Then, too, Reagan disliked personal confrontation. Outsiders viewed that quality as loyalty; some insiders saw it as an inability to control his advisers and staff. Nancy Reagan (aided by an astrologer) often dictated his schedule, helped select his advisers, and even sometimes determined the major issues the president addressed. Yet the public believed he was firmly in charge and, until the Iran arms scandal in 1986, consistently approved his conduct. His capacity for deflecting responsibility for mistakes earned him the reputation as the “Teflon president” since no criticism seemed to stick.
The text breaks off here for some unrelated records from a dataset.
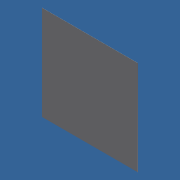
# Autodesk Inventor part: COMMON
Saved by Autodesk Inventor 2015 SP1 (Build 190203100, 203)
## iProperties
Created: 2015-08-21
Material: Generic
Vendor: DIGIKEY
Document SubType Name: Modeling
Designer: NEGRASHOVI
Density: 1 g/cm^3
Appearance: Default
Project: COMMON
Description: THERMAL PAD
Part Number: COMMON
RuleStatus: InUse
AfterDocSave0: file://Part Number Cleaner
LAB/DEPT: COMMON
REQUESTING SCIENTIST: COMMON
SURFACE ROUGHNESS: N/A
DESIGN DEPARTMENT: HHMI: JRC - ID&F
SPECIAL FINISH: NONE
ALTERED ITEM PART NUMBER: N/A
ALTERED ITEM VENDOR: N/A
ALTERED ITEM DESCRIPTION: N/A
Author: NEGRASHOVI
Revision Number: -
Autodesk Inventor part; units mm, degrees
ref_plane "YZ Plane" through (0, 0, 0) normal (1, 0, 0) x (0, 1, 0)
ref_plane "XZ Plane" through (0, 0, 0) normal (0, 1, 0) x (-1, 0, 0)
ref_plane "XY Plane" through (0, 0, 0) normal (0, 0, 1) x (1, 0, 0)
sketch "Sketch1" plane through (0, 0, 0) normal (0, 0, 1) x (1, 0, 0)
  line L0 (-77.216, -76.2) -> (77.216, -76.2)
  line L1 (77.216, -76.2) -> (77.216, 76.2)
  line L2 (77.216, 76.2) -> (-77.216, 76.2)
  line L3 (-77.216, 76.2) -> (-77.216, -76.2)
  point P0 (0, 0)
  point P1 (77.216, 0)
  point P2 (0, 76.2)
  dimension "d0" = 154.432
  dimension "d1" = 152.4
  constraints: 8 end point, 2 midpoint, 2 parallel, 1 horizontal, 1 horizontal alignment, 1 perpendicular, 1 vertical alignment
  measures "d0" distance of L1.end L2.end
  measures "d1" distance of L0.end L1.end
extrude "Extrusion1" add sketch "Sketch1" along normal blind 0.254
body "Solid1"

PRIMARY SOURCE: The Spiritual State of Americans in the 1980s*

From 1979 to 1984 Robert Bellah, a historian of religion, set out with a team of researchers to explore the state of the American character. Their primary focus was on the concept of individualism and the ways in which Americans found meaning in their private and public lives. What they seem to have discovered is that after Vietnam, “The Me Generation, “ and the era of limits, Americans were no longer so buoyantly optimistic about the future.

There was a time when, under the battle cry of “freedom,” separation and individuation were embraced as the key to a marvelous future of unlimited possibility. It is true that there were always those ...who viewed the past with nostalgia and the present with apprehension and who warned that we were entering unknown and dangerous waters. It is also true that there are still those who maintain their enthusiasm for modernity, who speak of the third wave or the Aquarian Age or the new paradigm in which a dissociated individuation will reach a final fulfillment. Perhaps most common today, however, is a note of uncertainty, not a desire to turn back to the past but an anxiety about where we seem to be headed. In this view, modernity seems to be a period of enormously rapid change, a transition from something relatively fixed toward something not clear. Many might find still applicable Matthew Arnold’s assertion that we are Wandering between two worlds, one dead, the other powerless to be born.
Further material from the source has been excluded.